About the author

Michael Peinsitt is Skill Team Leader RACING at AVL, a company which has been involved in racing for almost 25 years with their in-house developed vehicle dynamics simulation tool AVL VSMTM RACE. Inside VSM, all components of the car are modelled and characterized, such as the suspension, the tyres, the engine, and many more. One area is particularly important towards achieving a good correlation between simulation and reality: aerodynamics. Modern race cars produce quite a lot of downforce, which strongly influences performance. And with downforce significantly varying with ride height, it’s important to map it properly in function of the car’s setup.

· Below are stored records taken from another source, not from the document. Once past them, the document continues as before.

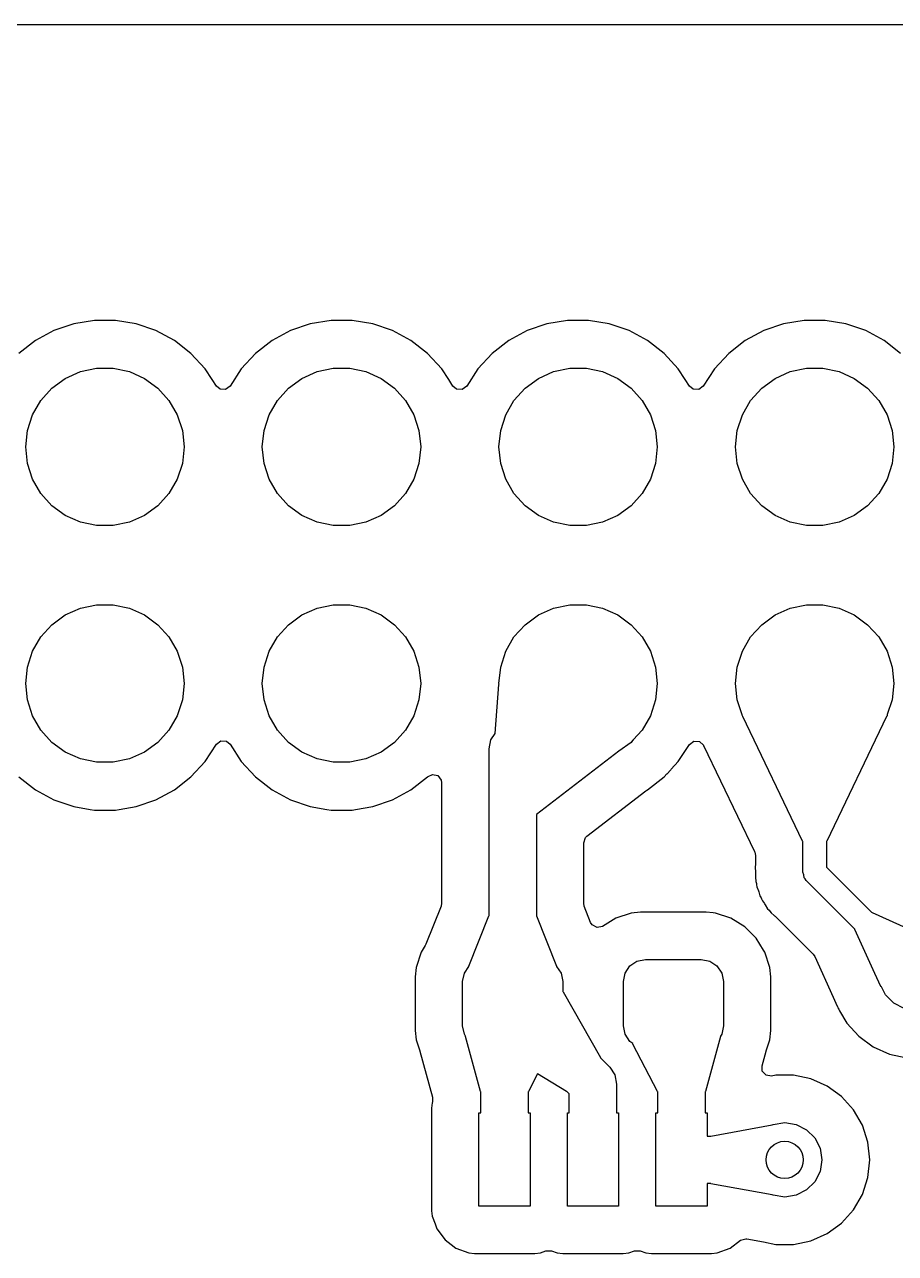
# Model space of a CAD drawing. Extents: x 106.8 to 191.4, y -142.2 to -57.6.
# Drawn here: x 139.31 to 148.66, y -70.8 to -57.61 of the extents above; entities that cross this region are included whole.
import ezdxf

# ---------------------------------------------------------------- set-up
doc = ezdxf.new("R2010")
doc.units = 0
doc.layers.add('BLACK', color=7, linetype='CONTINUOUS')

msp = doc.modelspace()

# ---------------------------------------------------------------- linework, layer by layer
at = {"layer": 'BLACK', "linetype": 'CONTINUOUS'}
for p, q in [((111.602, -57.6091), (186.522, -57.6091)), ((140.065, -60.7851), (139.842, -60.8222)), ((140.29, -60.7851), (140.065, -60.7851)), ((140.065, -60.7851), (140.065, -60.7851)), ((140.512, -60.8222), (140.29, -60.7851)), ((140.29, -60.7851), (140.29, -60.7851)), ((142.605, -60.7851), (142.382, -60.8222)), ((142.83, -60.7851), (142.605, -60.7851)), ((142.605, -60.7851), (142.605, -60.7851)), ((143.052, -60.8222), (142.83, -60.7851)), ((142.83, -60.7851), (142.83, -60.7851)), ((145.145, -60.7851), (144.922, -60.8222)), ((145.37, -60.7851), (145.145, -60.7851)), ((145.145, -60.7851), (145.145, -60.7851)), ((145.592, -60.8222), (145.37, -60.7851)), ((145.37, -60.7851), (145.37, -60.7851)), ((147.685, -60.7851), (147.462, -60.8222)), ((147.91, -60.7851), (147.685, -60.7851)), ((147.685, -60.7851), (147.685, -60.7851)), ((148.132, -60.8222), (147.91, -60.7851)), ((147.91, -60.7851), (147.91, -60.7851)), ((139.63, -60.8953), (139.432, -61.0024)), ((139.842, -60.8222), (139.63, -60.8953)), ((140.725, -60.8953), (140.512, -60.8222)), ((140.923, -61.0024), (140.725, -60.8953)), ((140.725, -60.8953), (140.725, -60.8953)), ((140.725, -60.8953), (140.725, -60.8953)), ((142.17, -60.8953), (141.972, -61.0024)), ((142.382, -60.8222), (142.17, -60.8953)), ((143.265, -60.8953), (143.052, -60.8222)), ((143.463, -61.0024), (143.265, -60.8953)), ((143.265, -60.8953), (143.265, -60.8953)), ((143.265, -60.8953), (143.265, -60.8953)), ((144.71, -60.8953), (144.512, -61.0024)), ((144.922, -60.8222), (144.71, -60.8953)), ((145.805, -60.8953), (145.592, -60.8222)), ((146.003, -61.0024), (145.805, -60.8953)), ((145.805, -60.8953), (145.805, -60.8953)), ((145.805, -60.8953), (145.805, -60.8953)), ((147.25, -60.8953), (147.052, -61.0024)), ((147.462, -60.8222), (147.25, -60.8953)), ((148.345, -60.8953), (148.132, -60.8222)), ((148.543, -61.0024), (148.345, -60.8953)), ((148.345, -60.8953), (148.345, -60.8953)), ((148.345, -60.8953), (148.345, -60.8953)), ((139.432, -61.0024), (139.254, -61.1407)), ((141.1, -61.1407), (140.923, -61.0024)), ((141.972, -61.0024), (141.794, -61.1407)), ((143.64, -61.1407), (143.463, -61.0024)), ((144.512, -61.0024), (144.334, -61.1407)), ((146.18, -61.1407), (146.003, -61.0024)), ((147.052, -61.0024), (146.874, -61.1407)), ((148.72, -61.1407), (148.543, -61.0024)), ((141.253, -61.3063), (141.1, -61.1407)), ((141.794, -61.1407), (141.641, -61.3063)), ((143.793, -61.3063), (143.64, -61.1407)), ((144.334, -61.1407), (144.181, -61.3063)), ((146.333, -61.3063), (146.18, -61.1407)), ((146.874, -61.1407), (146.721, -61.3063)), ((139.752, -61.4075), (139.914, -61.3352)), ((139.914, -61.3352), (140.088, -61.2983)), ((140.088, -61.2983), (140.266, -61.2983)), ((140.266, -61.2983), (140.44, -61.3352)), ((140.44, -61.3352), (140.602, -61.4075)), ((141.328, -61.421), (141.253, -61.3063)), ((141.641, -61.3063), (141.521, -61.4911)), ((142.292, -61.4075), (142.454, -61.3352)), ((142.454, -61.3352), (142.628, -61.2983)), ((142.628, -61.2983), (142.806, -61.2983)), ((142.806, -61.2983), (142.98, -61.3352)), ((142.98, -61.3352), (143.142, -61.4075)), ((143.868, -61.421), (143.793, -61.3063)), ((144.181, -61.3063), (144.061, -61.4911)), ((144.832, -61.4075), (144.994, -61.3352)), ((144.994, -61.3352), (145.168, -61.2983)), ((145.168, -61.2983), (145.346, -61.2983)), ((145.346, -61.2983), (145.52, -61.3352)), ((145.52, -61.3352), (145.682, -61.4075)), ((146.408, -61.421), (146.333, -61.3063)), ((146.721, -61.3063), (146.601, -61.4911)), ((147.372, -61.4075), (147.534, -61.3352)), ((147.534, -61.3352), (147.708, -61.2983)), ((147.708, -61.2983), (147.886, -61.2983)), ((147.886, -61.2983), (148.06, -61.3352)), ((148.06, -61.3352), (148.222, -61.4075)), ((139.608, -61.5119), (139.752, -61.4075)), ((140.602, -61.4075), (140.746, -61.5119)), ((141.374, -61.4911), (141.328, -61.421)), ((142.148, -61.5119), (142.292, -61.4075)), ((143.142, -61.4075), (143.286, -61.5119)), ((143.914, -61.4911), (143.868, -61.421)), ((144.688, -61.5119), (144.832, -61.4075)), ((145.682, -61.4075), (145.826, -61.5119)), ((146.454, -61.4911), (146.408, -61.421)), ((147.228, -61.5119), (147.372, -61.4075)), ((148.222, -61.4075), (148.366, -61.5119)), ((139.489, -61.644), (139.608, -61.5119)), ((140.746, -61.5119), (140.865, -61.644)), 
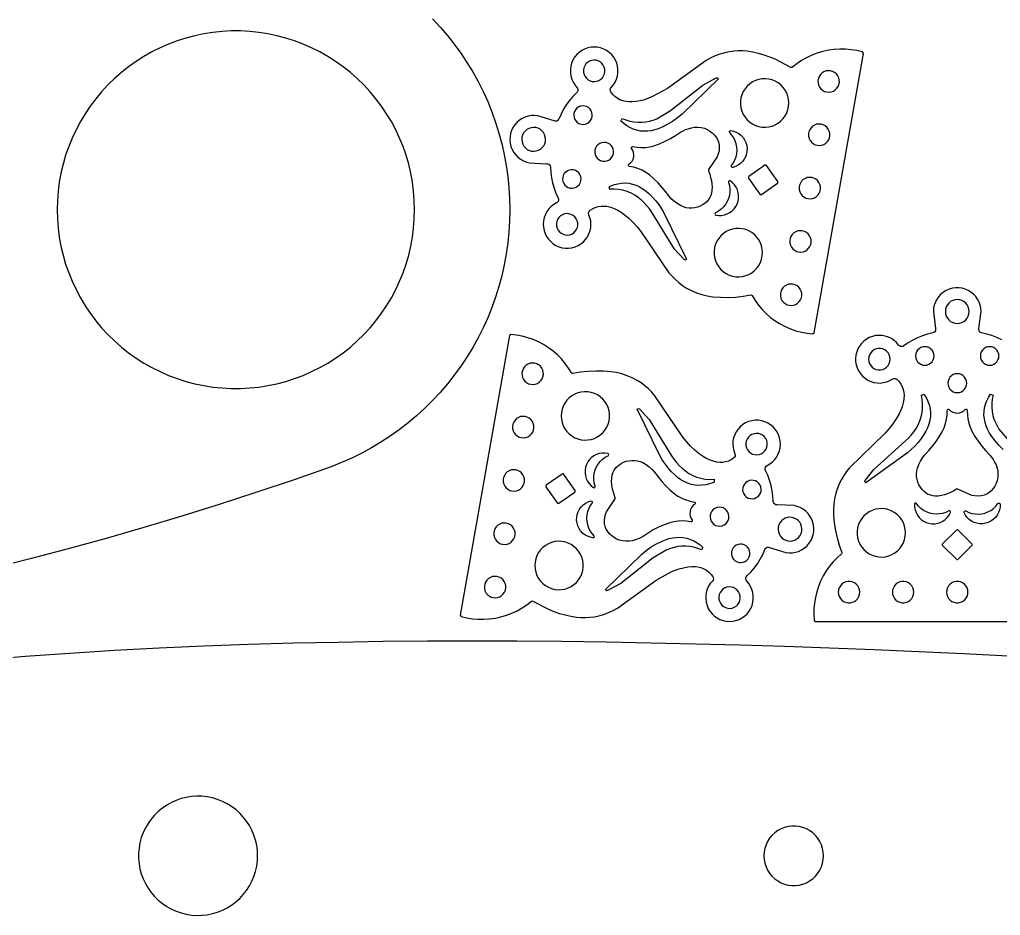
# Model space of a CAD drawing. Extents: x 0 to 1250, y 0 to 2500.
# Drawn here: x 652 to 734.4, y 409.2 to 484.3 of the extents above; entities that cross this region are included whole.
import ezdxf

# ---------------------------------------------------------------- set-up
doc = ezdxf.new("R2010")
doc.units = 0
doc.layers.get('0').update_dxf_attribs({"linetype": 'CONTINUOUS', "lineweight": 25})

msp = doc.modelspace()

# ---------------------------------------------------------------- linework, layer by layer
for points in [[(686.694, 484.369), (687.328, 483.687), (687.935, 482.98), (688.512, 482.249), (689.059, 481.495), (689.576, 480.719), (690.06, 479.924), (690.512, 479.109), (690.93, 478.277), (691.315, 477.428), (691.665, 476.565), (691.979, 475.688), (692.258, 474.799), (692.5, 473.899), (692.706, 472.99), (692.875, 472.074), (693.007, 471.152), (693.101, 470.225), (693.157, 469.295), (693.176, 468.364), (693.157, 467.433), (693.101, 466.503), (693.007, 465.576), (692.875, 464.654), (692.706, 463.737), (692.5, 462.829), (692.258, 461.929), (691.979, 461.04), (691.665, 460.163), (691.315, 459.3), (690.93, 458.451), (690.512, 457.619), (690.06, 456.804), (689.576, 456.008), (689.059, 455.233), (688.512, 454.479), (687.935, 453.748), (687.328, 453.041), (686.694, 452.359), (686.032, 451.703), (685.344, 451.074), (684.632, 450.474), (683.895, 449.904), (683.137, 449.363), (682.356, 448.854), (681.556, 448.377), (680.738, 447.932), (679.902, 447.521), (679.05, 447.144), (678.183, 446.803), (675.062, 445.713), (671.928, 444.657), (668.784, 443.637), (665.628, 442.652), (662.461, 441.702), (659.284, 440.787), (656.097, 439.907), (652.9, 439.063), (649.694, 438.255)], [(734.467, 457.436), (734.063, 457.635), (733.645, 457.801), (733.215, 457.935), (732.776, 458.034), (732.687, 458.07), (732.614, 458.132), (732.564, 458.214), (732.542, 458.309), (732.552, 458.404), (732.73, 459.824), (732.711, 460.096), (732.656, 460.364), (732.564, 460.621), (732.439, 460.863), (732.281, 461.086), (732.095, 461.286), (731.883, 461.458), (731.65, 461.6), (731.399, 461.709), (731.137, 461.782), (730.866, 461.819), (730.593, 461.819), (730.323, 461.782), (730.06, 461.709), (729.81, 461.6), (729.576, 461.458), (729.365, 461.286), (729.178, 461.086), (729.021, 460.863), (728.895, 460.621), (728.804, 460.364), (728.748, 460.096), (728.73, 459.824), (728.907, 458.404), (728.917, 458.309), (728.896, 458.214), (728.846, 458.132), (728.773, 458.07), (728.683, 458.034), (728.245, 457.931), (727.816, 457.795), (727.399, 457.628), (726.995, 457.43), (726.607, 457.203), (726.237, 456.947), (726.153, 456.899), (726.058, 456.881), (725.962, 456.894), (725.875, 456.936), (725.806, 457.004), (725.629, 457.214), (725.425, 457.398), (725.198, 457.552), (724.951, 457.674), (724.691, 457.761), (724.421, 457.811), (724.146, 457.824), (723.872, 457.798), (723.605, 457.736), (723.348, 457.638), (723.108, 457.505), (722.887, 457.34), (722.692, 457.147), (722.524, 456.929), (722.389, 456.69), (722.287, 456.435), (722.221, 456.168), (722.193, 455.895), (722.202, 455.62), (722.248, 455.35), (722.332, 455.088), (722.45, 454.84), (722.601, 454.611), (722.783, 454.404), (722.991, 454.224), (723.221, 454.075), (723.47, 453.959), (723.733, 453.877), (724.004, 453.833), (724.279, 453.826), (724.552, 453.857), (724.818, 453.925), (725.072, 454.029), (725.31, 454.166), (725.404, 454.208), (725.506, 454.216), (725.605, 454.19), (725.689, 454.131), (725.857, 453.947), (726, 453.743), (726.113, 453.521), (726.196, 453.286), (726.247, 453.042), (726.265, 452.793), (726.244, 452.47), (726.19, 452.151), (726.104, 451.838), (725.988, 451.536), (725.842, 451.247), (725.592, 450.812), (725.315, 450.395), (725.012, 449.997), (724.683, 449.619), (721.686, 446.703), (721.438, 446.396), (721.211, 446.072), (721.007, 445.733), (720.827, 445.38), (720.672, 445.017), (720.531, 444.574), (720.427, 444.122), (720.36, 443.662), (720.331, 443.199), (720.341, 442.734), (720.404, 442.093), (720.506, 441.458), (720.645, 440.829), (720.823, 440.21), (721.037, 439.603), (721.04, 439.543), (721.007, 439.492), (720.647, 439.17), (720.313, 438.822), (720.005, 438.45), (719.727, 438.056), (719.479, 437.642), (719.263, 437.21), (719.08, 436.764), (718.931, 436.305), (718.817, 435.836), (718.738, 435.359), (718.696, 434.878), (718.69, 434.396), (718.72, 433.914), (718.82, 433.824), (742.64, 433.824)], [(734.593, 448.254), (734.228, 448.618), (733.891, 449.01), (733.585, 449.425), (733.419, 449.68), (733.277, 449.948), (733.16, 450.229), (733.07, 450.519), (733.006, 450.815), (732.97, 451.117), (732.982, 451.429), (733.026, 451.738), (733.103, 452.041), (733.21, 452.334), (733.348, 452.614), (733.514, 452.879), (733.743, 452.818), (733.673, 452.48), (733.635, 452.136), (733.631, 451.79), (733.66, 451.446), (733.721, 451.105), (733.811, 450.801), (733.927, 450.505), (734.067, 450.221), (734.232, 449.95), (735.094, 448.937)], [(735.005, 430.908), (731.255, 431.094), (727.504, 431.268), (723.752, 431.429), (720, 431.576), (716.251, 431.709), (712.502, 431.827), (708.753, 431.929), (705.003, 432.015), (701.253, 432.083), (697.502, 432.133), (693.752, 432.163), (690.001, 432.173), (686.25, 432.162), (682.5, 432.128), (678.75, 432.071), (675, 431.989), (671.248, 431.88), (667.497, 431.744), (663.748, 431.577), (660, 431.377), (656.246, 431.142), (652.494, 430.87), (650.62, 430.719)]]:
    msp.add_lwpolyline(points)
for points in [[(685.176, 468.364), (685.156, 469.136), (685.097, 469.906), (684.998, 470.672), (684.859, 471.432), (684.682, 472.184), (684.466, 472.926), (684.212, 473.655), (683.921, 474.371), (683.594, 475.07), (683.231, 475.752), (682.833, 476.414), (682.402, 477.055), (681.938, 477.673), (681.443, 478.266), (680.919, 478.833), (680.365, 479.372), (679.785, 479.882), (679.179, 480.361), (678.55, 480.809), (677.898, 481.224), (677.226, 481.604), (676.535, 481.949), (675.827, 482.259), (675.104, 482.531), (674.369, 482.766), (673.622, 482.963), (672.865, 483.121), (672.102, 483.24), (671.334, 483.319), (670.562, 483.359), (669.79, 483.359), (669.019, 483.319), (668.25, 483.24), (667.487, 483.121), (666.731, 482.963), (665.984, 482.766), (665.248, 482.531), (664.525, 482.259), (663.818, 481.949), (663.127, 481.604), (662.454, 481.224), (661.803, 480.809), (661.173, 480.361), (660.567, 479.882), (659.987, 479.372), (659.434, 478.833), (658.909, 478.266), (658.414, 477.673), (657.951, 477.055), (657.52, 476.414), (657.122, 475.752), (656.759, 475.07), (656.431, 474.371), (656.14, 473.655), (655.887, 472.926), (655.671, 472.184), (655.493, 471.432), (655.355, 470.672), (655.256, 469.906), (655.196, 469.136), (655.176, 468.364), (655.196, 467.592), (655.256, 466.822), (655.355, 466.055), (655.493, 465.296), (655.671, 464.544), (655.887, 463.802), (656.14, 463.073), (656.431, 462.357), (656.759, 461.657), (657.122, 460.976), (657.52, 460.313), (657.951, 459.673), (658.414, 459.055), (658.909, 458.462), (659.434, 457.895), (659.987, 457.356), (660.567, 456.846), (661.173, 456.366), (661.803, 455.919), (662.454, 455.504), (663.127, 455.124), (663.818, 454.778), (664.525, 454.469), (665.248, 454.197), (665.984, 453.962), (666.731, 453.765), (667.487, 453.607), (668.25, 453.488), (669.019, 453.409), (669.79, 453.369), (670.562, 453.369), (671.334, 453.409), (672.102, 453.488), (672.865, 453.607), (673.622, 453.765), (674.369, 453.962), (675.104, 454.197), (675.827, 454.469), (676.535, 454.778), (677.226, 455.124), (677.898, 455.504), (678.55, 455.919), (679.179, 456.366), (679.785, 456.846), (680.365, 457.356), (680.919, 457.895), (681.443, 458.462), (681.938, 459.055), (682.402, 459.673), (682.833, 460.313), (683.231, 460.976), (683.594, 461.657), (683.921, 462.357), (684.212, 463.073), (684.466, 463.802), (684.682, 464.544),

Mapping Aerodynamic Properties

When it comes to aerodynamics, the main challenge is to map downforce & drag in function of changes in input parameters. On top of the ride height, they also vary in function of the chassis slip & roll angle, the steering angle of the front wheels and so on. Grouping all of these correlations (or “sensitivities”) between aero coefficients and car setup results in what we call an Aero Map – a dataset of properties that can be used before & during the race weekend to setup & adjust the car in function of the track & the driver’s feedback.

The Options

One option to obtain these sensitivities is wind tunnel testing, but this is typically expensive and requires quite some effort. Additionally, rules in certain race categories prevent teams to use wind tunnels.

The second option is to perform aero measurements on the racetrack. Apart from the efforts to equip the car with the required measurement equipment, track testing is always subject to varying external conditions. Changes in for example speed and orientation of the wind, or air temperature, make it difficult to compare results from different runs. Plus, in similar fashion as for the wind tunnel testing, in many race categories the rules ban, or severely restrict track testing.

A third option is to use CFD calculations. To execute a “traditional” CFD workflow is also time consuming, as the preparation and the meshing of the CAD model usually requires a certain amount of manual effort, plus the execution of the calculation itself needs considerable computing power to be conducted. Once done, post-processing is needed to convert raw simulation data into meaningful figures & visuals.

To capture the influence of the various input parameters on aero performance, a significant number of runs is needed – which means it takes time until the results are available. With preparation time always being a premium in racing, having to wait for results can seriously reduce the competitiveness of a team.

Automating the simulation process

We turned to AirShaper to investigate the possibility of reducing or even eliminating many of the existing CFD challenges.

First of all, the need for “CAD-cleaning” – closing all gaps & holes in the 3D model of the car – can take a significant amount of time. AirShaper, however, runs directly on non-watertight 3D models, although in this particular example we had a watertight model available.

Second of all, we don’t need to worry about meshing, as this is entirely automated: the domain size, the initial mesh, adaptive mesh refinement, … are all included and, perhaps even more important, are repeatable. This means results between different models & setups are comparable.

Thirdly, we don’t need to manually post-process all the results. Frontal area, lift, downforce, aero balance, … are all post-processed automatically into a report. And using the online 3D result viewer, we can spot sources of drag, identify separation locations and so on. And if needed, we can always download the full results to do our own post-processing.

Benchmarking AirShaper

To verify how realistic the output of these simulations would be, AVL conducted a simulation project with a race car that had already been analyzed using a conventional CFD approach (manual meshing, running, post-processing).

The model used for the simulation was a touring car provided by AVL RACING. The car was set up to drive in a straight line (chassis slip & roll angle as well as the steering angle were set to 0).

The exact same 3D model was provided to AirShaper and within 24 hours, the platform churned out CFD simulation results.

The results

The first important comparison was a quantitative one, comparing the aerodynamic drag and lift coefficients. We were pleasantly surprised to see just a 5.2% difference in drag and an even smaller 3.6% difference in downforce.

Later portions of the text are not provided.